═══ PROVIDED DATA ═══
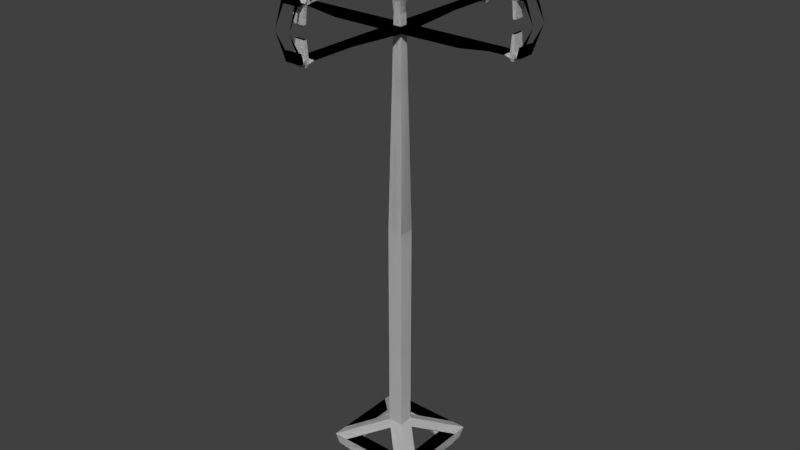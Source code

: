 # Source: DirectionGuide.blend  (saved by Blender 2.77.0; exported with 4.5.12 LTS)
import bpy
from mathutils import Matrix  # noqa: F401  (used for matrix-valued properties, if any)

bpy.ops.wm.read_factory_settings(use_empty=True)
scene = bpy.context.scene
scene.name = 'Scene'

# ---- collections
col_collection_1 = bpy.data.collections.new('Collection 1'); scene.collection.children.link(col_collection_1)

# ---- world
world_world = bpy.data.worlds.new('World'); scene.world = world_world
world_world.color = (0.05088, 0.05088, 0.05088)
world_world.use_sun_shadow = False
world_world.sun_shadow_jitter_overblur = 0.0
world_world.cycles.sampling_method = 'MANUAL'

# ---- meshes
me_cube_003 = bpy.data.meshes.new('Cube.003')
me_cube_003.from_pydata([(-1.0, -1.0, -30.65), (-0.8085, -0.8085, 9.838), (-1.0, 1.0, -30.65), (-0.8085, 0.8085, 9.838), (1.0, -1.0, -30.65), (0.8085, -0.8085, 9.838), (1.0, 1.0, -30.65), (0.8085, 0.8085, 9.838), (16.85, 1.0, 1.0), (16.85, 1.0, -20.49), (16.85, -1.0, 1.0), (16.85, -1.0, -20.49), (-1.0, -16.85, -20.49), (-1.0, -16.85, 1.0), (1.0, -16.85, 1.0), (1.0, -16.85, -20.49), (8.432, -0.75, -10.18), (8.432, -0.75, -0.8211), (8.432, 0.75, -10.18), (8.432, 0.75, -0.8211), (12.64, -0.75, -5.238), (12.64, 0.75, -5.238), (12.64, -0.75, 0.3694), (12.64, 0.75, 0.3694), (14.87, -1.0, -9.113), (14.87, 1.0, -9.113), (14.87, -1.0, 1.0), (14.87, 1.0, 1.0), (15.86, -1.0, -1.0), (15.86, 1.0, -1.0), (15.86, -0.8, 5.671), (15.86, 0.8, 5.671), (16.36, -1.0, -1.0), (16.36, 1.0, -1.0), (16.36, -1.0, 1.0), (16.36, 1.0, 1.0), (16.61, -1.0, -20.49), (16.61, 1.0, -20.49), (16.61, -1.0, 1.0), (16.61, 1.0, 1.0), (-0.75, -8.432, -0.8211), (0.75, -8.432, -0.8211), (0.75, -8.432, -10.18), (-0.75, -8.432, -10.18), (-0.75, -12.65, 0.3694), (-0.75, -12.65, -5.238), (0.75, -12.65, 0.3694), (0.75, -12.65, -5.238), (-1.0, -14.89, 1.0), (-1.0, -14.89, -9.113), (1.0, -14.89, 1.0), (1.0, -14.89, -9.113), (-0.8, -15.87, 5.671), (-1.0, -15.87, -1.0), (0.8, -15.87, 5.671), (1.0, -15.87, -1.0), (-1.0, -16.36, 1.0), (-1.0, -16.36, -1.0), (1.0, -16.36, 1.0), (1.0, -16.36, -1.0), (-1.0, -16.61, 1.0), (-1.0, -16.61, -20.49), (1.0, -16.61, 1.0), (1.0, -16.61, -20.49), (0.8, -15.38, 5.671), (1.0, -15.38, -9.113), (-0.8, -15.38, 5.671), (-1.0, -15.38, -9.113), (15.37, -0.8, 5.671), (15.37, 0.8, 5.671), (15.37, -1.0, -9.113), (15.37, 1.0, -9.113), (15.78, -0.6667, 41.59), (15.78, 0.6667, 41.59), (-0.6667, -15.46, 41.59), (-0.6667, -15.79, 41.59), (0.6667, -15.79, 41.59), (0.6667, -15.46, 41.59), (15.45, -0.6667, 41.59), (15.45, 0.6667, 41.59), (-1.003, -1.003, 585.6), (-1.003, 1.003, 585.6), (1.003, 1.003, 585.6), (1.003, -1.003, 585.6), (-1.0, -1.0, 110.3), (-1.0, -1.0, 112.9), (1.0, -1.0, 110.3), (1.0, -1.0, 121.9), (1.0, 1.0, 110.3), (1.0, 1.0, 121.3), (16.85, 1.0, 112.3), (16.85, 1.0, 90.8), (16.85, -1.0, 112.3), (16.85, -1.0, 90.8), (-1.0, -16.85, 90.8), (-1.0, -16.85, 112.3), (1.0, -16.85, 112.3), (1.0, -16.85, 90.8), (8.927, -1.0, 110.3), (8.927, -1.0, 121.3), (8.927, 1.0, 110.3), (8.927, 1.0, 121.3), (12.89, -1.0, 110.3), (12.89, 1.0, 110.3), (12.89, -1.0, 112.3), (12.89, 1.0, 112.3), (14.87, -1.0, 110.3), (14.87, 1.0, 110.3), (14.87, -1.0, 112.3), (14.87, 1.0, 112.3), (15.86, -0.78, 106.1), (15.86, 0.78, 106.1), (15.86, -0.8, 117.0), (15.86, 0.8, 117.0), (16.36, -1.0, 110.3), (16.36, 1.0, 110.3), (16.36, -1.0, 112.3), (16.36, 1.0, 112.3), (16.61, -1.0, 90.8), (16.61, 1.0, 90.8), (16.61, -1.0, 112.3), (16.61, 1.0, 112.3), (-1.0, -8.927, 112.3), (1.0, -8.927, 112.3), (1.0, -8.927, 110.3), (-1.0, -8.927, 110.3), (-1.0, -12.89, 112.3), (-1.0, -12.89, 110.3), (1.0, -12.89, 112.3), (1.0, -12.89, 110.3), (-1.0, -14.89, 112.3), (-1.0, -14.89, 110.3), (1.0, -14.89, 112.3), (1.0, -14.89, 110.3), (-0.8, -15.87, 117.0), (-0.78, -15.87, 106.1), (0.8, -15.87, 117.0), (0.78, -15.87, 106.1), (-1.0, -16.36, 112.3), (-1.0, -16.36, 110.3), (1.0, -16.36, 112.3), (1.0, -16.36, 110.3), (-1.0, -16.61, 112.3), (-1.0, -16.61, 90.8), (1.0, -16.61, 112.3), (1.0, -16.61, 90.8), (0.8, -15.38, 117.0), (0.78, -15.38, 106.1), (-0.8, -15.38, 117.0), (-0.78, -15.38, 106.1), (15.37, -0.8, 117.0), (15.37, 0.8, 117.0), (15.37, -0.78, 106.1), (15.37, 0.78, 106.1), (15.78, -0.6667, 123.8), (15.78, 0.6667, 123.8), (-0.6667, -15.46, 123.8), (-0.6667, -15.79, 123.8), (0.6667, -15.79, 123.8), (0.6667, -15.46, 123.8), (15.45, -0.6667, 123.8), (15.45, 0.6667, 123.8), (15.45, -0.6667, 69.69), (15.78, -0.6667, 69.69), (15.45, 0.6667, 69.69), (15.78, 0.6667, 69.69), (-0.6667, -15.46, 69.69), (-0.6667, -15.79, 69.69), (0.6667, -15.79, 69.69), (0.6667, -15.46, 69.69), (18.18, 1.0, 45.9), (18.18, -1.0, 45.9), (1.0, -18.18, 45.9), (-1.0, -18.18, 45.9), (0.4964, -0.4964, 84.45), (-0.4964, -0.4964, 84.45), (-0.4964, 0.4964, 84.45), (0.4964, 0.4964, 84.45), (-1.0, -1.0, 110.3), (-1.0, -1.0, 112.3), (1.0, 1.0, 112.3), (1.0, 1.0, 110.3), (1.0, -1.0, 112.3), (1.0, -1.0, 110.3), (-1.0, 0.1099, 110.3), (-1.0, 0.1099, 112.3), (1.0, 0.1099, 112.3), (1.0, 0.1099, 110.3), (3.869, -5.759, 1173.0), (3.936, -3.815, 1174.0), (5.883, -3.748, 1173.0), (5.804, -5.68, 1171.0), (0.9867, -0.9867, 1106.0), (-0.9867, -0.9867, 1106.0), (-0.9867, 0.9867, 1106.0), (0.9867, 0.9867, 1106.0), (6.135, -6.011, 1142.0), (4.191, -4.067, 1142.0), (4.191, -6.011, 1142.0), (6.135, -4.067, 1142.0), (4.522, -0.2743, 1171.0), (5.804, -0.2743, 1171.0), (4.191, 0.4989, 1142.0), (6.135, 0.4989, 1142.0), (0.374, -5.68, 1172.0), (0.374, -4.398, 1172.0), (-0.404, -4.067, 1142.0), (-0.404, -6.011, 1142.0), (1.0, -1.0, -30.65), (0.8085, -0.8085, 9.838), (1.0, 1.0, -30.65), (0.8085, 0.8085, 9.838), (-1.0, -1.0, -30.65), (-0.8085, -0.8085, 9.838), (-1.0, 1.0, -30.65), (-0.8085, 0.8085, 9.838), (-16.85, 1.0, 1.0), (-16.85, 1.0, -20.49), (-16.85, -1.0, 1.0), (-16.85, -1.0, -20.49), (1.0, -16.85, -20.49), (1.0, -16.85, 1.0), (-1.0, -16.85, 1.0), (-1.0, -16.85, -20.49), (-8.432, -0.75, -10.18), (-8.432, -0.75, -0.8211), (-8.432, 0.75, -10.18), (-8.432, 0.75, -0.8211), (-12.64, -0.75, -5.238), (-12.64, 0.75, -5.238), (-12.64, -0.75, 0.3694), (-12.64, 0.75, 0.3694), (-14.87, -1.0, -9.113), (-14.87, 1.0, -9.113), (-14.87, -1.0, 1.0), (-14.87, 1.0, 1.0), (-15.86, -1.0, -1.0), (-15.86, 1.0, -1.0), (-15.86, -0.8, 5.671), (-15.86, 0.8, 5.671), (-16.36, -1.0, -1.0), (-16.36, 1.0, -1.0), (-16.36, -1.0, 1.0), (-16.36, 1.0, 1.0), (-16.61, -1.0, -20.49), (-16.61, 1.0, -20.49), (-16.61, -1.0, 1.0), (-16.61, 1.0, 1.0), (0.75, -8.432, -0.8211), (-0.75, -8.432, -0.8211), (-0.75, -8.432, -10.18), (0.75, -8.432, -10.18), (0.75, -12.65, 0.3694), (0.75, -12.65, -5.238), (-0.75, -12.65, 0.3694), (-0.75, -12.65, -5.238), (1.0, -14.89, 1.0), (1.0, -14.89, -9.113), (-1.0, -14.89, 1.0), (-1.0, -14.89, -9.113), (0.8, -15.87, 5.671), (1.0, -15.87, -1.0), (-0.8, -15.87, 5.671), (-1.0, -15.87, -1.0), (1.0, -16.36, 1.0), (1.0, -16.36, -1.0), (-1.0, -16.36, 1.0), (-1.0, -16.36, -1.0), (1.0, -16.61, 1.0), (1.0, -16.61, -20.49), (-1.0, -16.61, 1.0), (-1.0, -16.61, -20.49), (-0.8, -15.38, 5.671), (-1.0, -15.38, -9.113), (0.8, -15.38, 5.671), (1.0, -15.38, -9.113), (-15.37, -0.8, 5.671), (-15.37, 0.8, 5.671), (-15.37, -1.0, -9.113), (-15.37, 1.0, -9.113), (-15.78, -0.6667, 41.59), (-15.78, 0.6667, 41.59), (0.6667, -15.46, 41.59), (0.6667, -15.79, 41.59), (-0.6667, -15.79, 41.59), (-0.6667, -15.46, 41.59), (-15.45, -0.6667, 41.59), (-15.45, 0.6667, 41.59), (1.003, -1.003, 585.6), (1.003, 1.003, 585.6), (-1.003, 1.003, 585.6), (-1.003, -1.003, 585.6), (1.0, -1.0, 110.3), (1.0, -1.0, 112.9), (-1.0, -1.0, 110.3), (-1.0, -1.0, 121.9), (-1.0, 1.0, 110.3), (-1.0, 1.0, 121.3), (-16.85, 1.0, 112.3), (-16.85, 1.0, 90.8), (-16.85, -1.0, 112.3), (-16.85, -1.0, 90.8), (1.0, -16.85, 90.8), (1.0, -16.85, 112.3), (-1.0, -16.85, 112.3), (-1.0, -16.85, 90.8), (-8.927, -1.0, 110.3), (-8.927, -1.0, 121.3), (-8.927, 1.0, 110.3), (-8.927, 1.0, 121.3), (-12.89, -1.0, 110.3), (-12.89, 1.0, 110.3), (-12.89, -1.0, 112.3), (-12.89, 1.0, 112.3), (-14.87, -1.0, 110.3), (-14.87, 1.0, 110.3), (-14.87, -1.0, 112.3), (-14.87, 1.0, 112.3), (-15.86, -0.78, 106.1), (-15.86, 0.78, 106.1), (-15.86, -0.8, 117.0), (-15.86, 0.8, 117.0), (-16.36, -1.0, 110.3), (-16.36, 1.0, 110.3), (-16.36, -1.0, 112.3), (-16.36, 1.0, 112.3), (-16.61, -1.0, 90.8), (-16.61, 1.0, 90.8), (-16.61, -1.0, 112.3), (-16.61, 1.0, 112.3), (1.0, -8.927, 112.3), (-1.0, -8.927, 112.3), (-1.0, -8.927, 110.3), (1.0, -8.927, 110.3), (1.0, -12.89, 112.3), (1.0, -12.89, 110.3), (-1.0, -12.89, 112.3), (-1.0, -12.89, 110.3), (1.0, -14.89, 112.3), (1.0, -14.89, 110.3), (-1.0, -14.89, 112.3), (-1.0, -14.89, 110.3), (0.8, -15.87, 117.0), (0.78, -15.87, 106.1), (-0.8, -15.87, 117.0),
═══
→ WHAT THE TASK REQUIRES: Please show all lines from the entries that contain the word "import".

→ FINISHED EXERCISE:
import bpy
from mathutils import Matrix  # noqa: F401  (used for matrix-valued properties, if any)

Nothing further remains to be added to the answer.